The second way TIFs go wrong is when they are designated to go to a “blighted” district, but then remain in place years after the district has been gentrified. The TIF becomes a kind of slush fund for developers to continue to improve private developments that no longer need city money, or a kind of “shadow budget” for glitzy projects. 

That’s seemingly not the case here: the TIF is designated for a clear purpose, paying back the arena loan. I should note, however, that it’s unclear to me from the TIF ordinances how the TIF fund would be dissolved; this is something the city should clarify, as we don’t want a “Zombie TIF” sucking up money long after the arena loan is paid off. 

The third way TIFs go wrong is much more of a concern here: a “failed” TIF that does not generate enough revenue to pay back the improvements it supposedly paid for. Here the city and developers still have a lot of work to do. The city included a financial analysis in the package it handed over to City Council, but where the revenue projections come from is unclear. The worry is that this analysis is based on earlier (flawed) projections.

If the projections fall short, the city claims, it’s only the bond investors who would lose out. And the city is right in claiming that a default on the arena loan shouldn’t have any effect on the city’s bond rating or ability to borrow elsewhere, despite my worries

What I am still worried about is that the city’s Economic Development Authority (the government body that actually pays back the loans) could put pressure on the city to make up any shortfall, although the city staffers I’ve spoken to are skeptical. It’s true that based on the language of the ordinances, the city is under no obligation to come up with more money. This is different from the 6th Street marketplace, for example, an earlier downtown project that failed and that DID carry an obligation.

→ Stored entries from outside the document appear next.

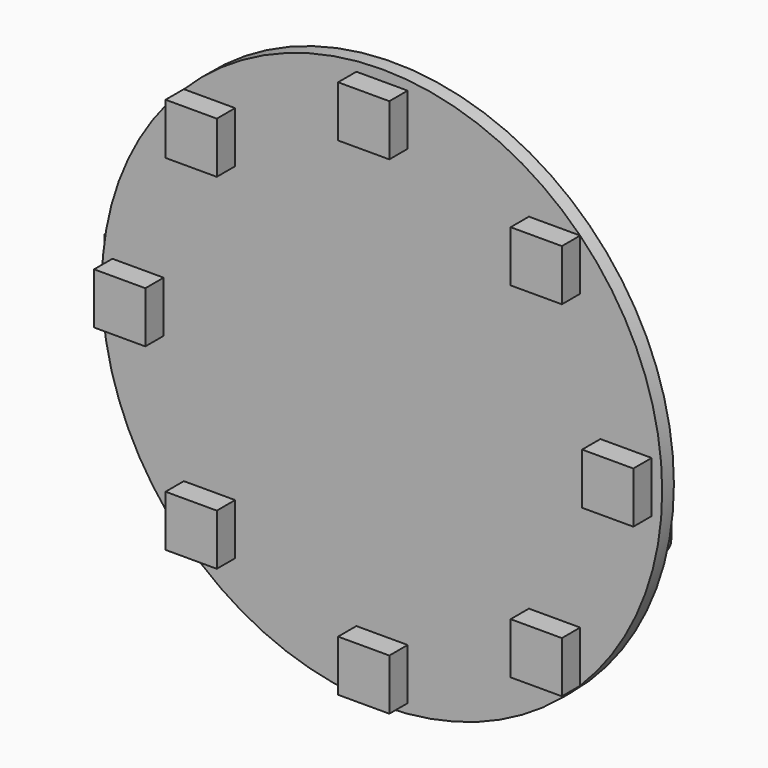
from build123d import *

# Parameters (mm, degrees)
F0_R      = 30.625
F1_DEPTH  = 1.6
F2_W      = 5.6
F2_H      = 5.6
F3_DEPTH  = 2.5
F4_W      = 16
F4_H      = 16
F5_DEPTH  = 1.6
F4_W_2    = 5.6
F4_H_2    = 5.6
F6_DEPTH  = 2.5
F4_W_3    = 3.4
F4_H_3    = 3
F4_W_4    = 1
F4_H_4    = 1.4143656492
F7_DEPTH  = 2.5
F8_DEPTH  = 3.5
F4_W_5    = 19
F4_H_5    = 8
F10_DEPTH = 4.5
F4_W_6    = 4.9
F4_H_6    = 11.6
F11_DEPTH = 0.7
F12_DEPTH = 4.3
F13_DEPTH = 3.5


# Not quite as in the source:
# - the program builds the solid bodies; features that only make, move or delete a surface that nothing else refers to are left out


with BuildPart() as f1:
    # F0 (on Front) → F1 (new body)
    with BuildSketch(Plane.XZ):
        Circle(F0_R)
    extrude(amount=F1_DEPTH)

    # F2 (on face) → F3 (join)
    with BuildSketch(Plane.XZ.offset(1.6)):
        with Locations((-26.67, 0)):
            Rectangle(F2_W, F2_H)
        with Locations((-18.8585378542, 18.8585378542)):
            Rectangle(F2_W, F2_H)
        with Locations((0, 26.67)):
            Rectangle(F2_W, F2_H)
        with Locations((18.8585378542, 18.8585378542)):
            Rectangle(F2_W, F2_H)
        with Locations((26.67, 0)):
            Rectangle(F2_W, F2_H)
        with Locations((18.8585378542, -18.8585378542)):
            Rectangle(F2_W, F2_H)
        with Locations((0, -26.67)):
            Rectangle(F2_W, F2_H)
        with Locations((-18.8585378542, -18.8585378542)):
            Rectangle(F2_W, F2_H)
    extrude(amount=F3_DEPTH)

    # F4 (on face) → F5 (join)
    with BuildSketch(Plane(origin=(0, 0, 0), x_dir=(-1, 0, 0), z_dir=(0, 1, 0))):
        with Locations((-9, -7)):
            Rectangle(F4_W, F4_H)
    extrude(amount=F5_DEPTH)

    # F4 (on face) → F6 (join)
    with BuildSketch(Plane(origin=(0, 0, 0), x_dir=(-1, 0, 0), z_dir=(0, 1, 0))):
        with Locations((0, 25)):
            Rectangle(F4_W_2, F4_H_2)
    extrude(amount=F6_DEPTH)

    # F4 (on face) → F7 (join)
    with BuildSketch(Plane(origin=(0, 0, 0), x_dir=(-1, 0, 0), z_dir=(0, 1, 0))):
        with Locations((7, 24)):
            Rectangle(F4_W_3, F4_H_3)
        with Locations((7, 24)):
            Rectangle(F4_W_4, F4_H_4, mode=Mode.SUBTRACT)
    extrude(amount=F7_DEPTH)

    # F4 (on face) → F8 (join)
    with BuildSketch(Plane(origin=(0, 0, 0), x_dir=(-1, 0, 0), z_dir=(0, 1, 0))):
        with Locations((7, 24)):
            Rectangle(F4_W_4, F4_H_4)
    extrude(amount=F8_DEPTH)

    # F4 (on face) → F10 (join)
    with BuildSketch(Plane(origin=(0, 0, 0), x_dir=(-1, 0, 0), z_dir=(0, 1, 0))):
        with Locations((0, -22.225)):
            Rectangle(F4_W_5, F4_H_5)
    extrude(amount=F10_DEPTH)

    # F4 (on face) → F11 (join)
    with BuildSketch(Plane(origin=(0, 0, 0), x_dir=(-1, 0, 0), z_dir=(0, 1, 0))):
        with Locations((-25, -5)):
            Rectangle(F4_W_6, F4_H_6)
        with BuildLine():
            ThreePointArc((-26.9, -1.75), (-25, 0.15), (-23.1, -1.75))
            Line((-23.1, -1.75), (-23.1, -8.25))
            ThreePointArc((-23.1, -8.25), (-25, -10.15), (-26.9, -8.25))
            Line((-26.9, -8.25), (-26.9, -1.75))
        make_face(mode=Mode.SUBTRACT)
    extrude(amount=F11_DEPTH)

    # F4 (on face) → F12 (join)
    with BuildSketch(Plane(origin=(0, 0, 0), x_dir=(-1, 0, 0), z_dir=(0, 1, 0))):
        with BuildLine():
            Line((-23.1, -8.25), (-23.1, -1.75))
            ThreePointArc((-23.1, -1.75), (-25, 0.15), (-26.9, -1.75))
            Line((-26.9, -1.75), (-26.9, -8.25))
            ThreePointArc((-26.9, -8.25), (-25, -10.15), (-23.1, -8.25))
        make_face()
    extrude(amount=F12_DEPTH)

    # F4 (on face) → F13 (join)
    with BuildSketch(Plane(origin=(0, 0, 0), x_dir=(-1, 0, 0), z_dir=(0, 1, 0))):
        with BuildLine():
            Line((24.005, -3.81), (30.387078257, -3.81))
            ThreePointArc((30.387078257, -3.81), (30.5654616898, -1.90871074), (30.625, 0))
            ThreePointArc((30.625, 0), (30.5654616898, 1.90871074), (30.387078257, 3.81))
            Line((30.387078257, 3.81), (24.005, 3.81))
            Line((24.005, 3.81), (24.005, -3.81))
        make_face()
        with BuildLine():
            Line((30.387078257, -3.81), (31.625, -3.81))
            Line((31.625, -3.81), (31.625, 3.81))
            Line((31.625, 3.81), (30.387078257, 3.81))
            ThreePointArc((30.387078257, 3.81), (30.5654616898, 1.90871074), (30.625, 0))
            ThreePointArc((30.625, 0), (30.5654616898, -1.90871074), (30.387078257, -3.81))
        make_face()
    extrude(amount=F13_DEPTH)


solid = f1.part

The final way a TIF could go wrong is probably the most difficult way to estimate: “opportunity costs,” the economic term for the loss you take from not being able to do something else.

The first set of opportunity costs for the city here could be financial. Because the TIF district here is so large, the project grabs some revenues that would be there anyway to pay for the arena. The city says that the payoff in terms of economic development will be tremendous, and well worth the cost. But if you’re skeptical, you see the project as diverting city funds that should be used for more important purposes like schools.

The other opportunity costs comes from the development pipeline this project generates – the “but for” argument that is often used to justify TIF districts. The city’s argument is that all the private development they’ve lined up would not happen BUT FOR the arena. But what if that’s not true – what if the city could issue smaller RFPs for apartments on city blocks? If the city’s tourism people think a new convention center hotel is justified, why wouldn’t a private developer want to build it without the arena? Won’t VCU be expanding their dorms and research space anyway?

The bottom line here is that any questions about the worthiness of the deal have much less to do with the TIF mechanism, and much more to do with the bigger underlying assumptions the city is making about revenue and development. The newly appointed City Council commission would do well to focus in on these questions as they investigate the deal.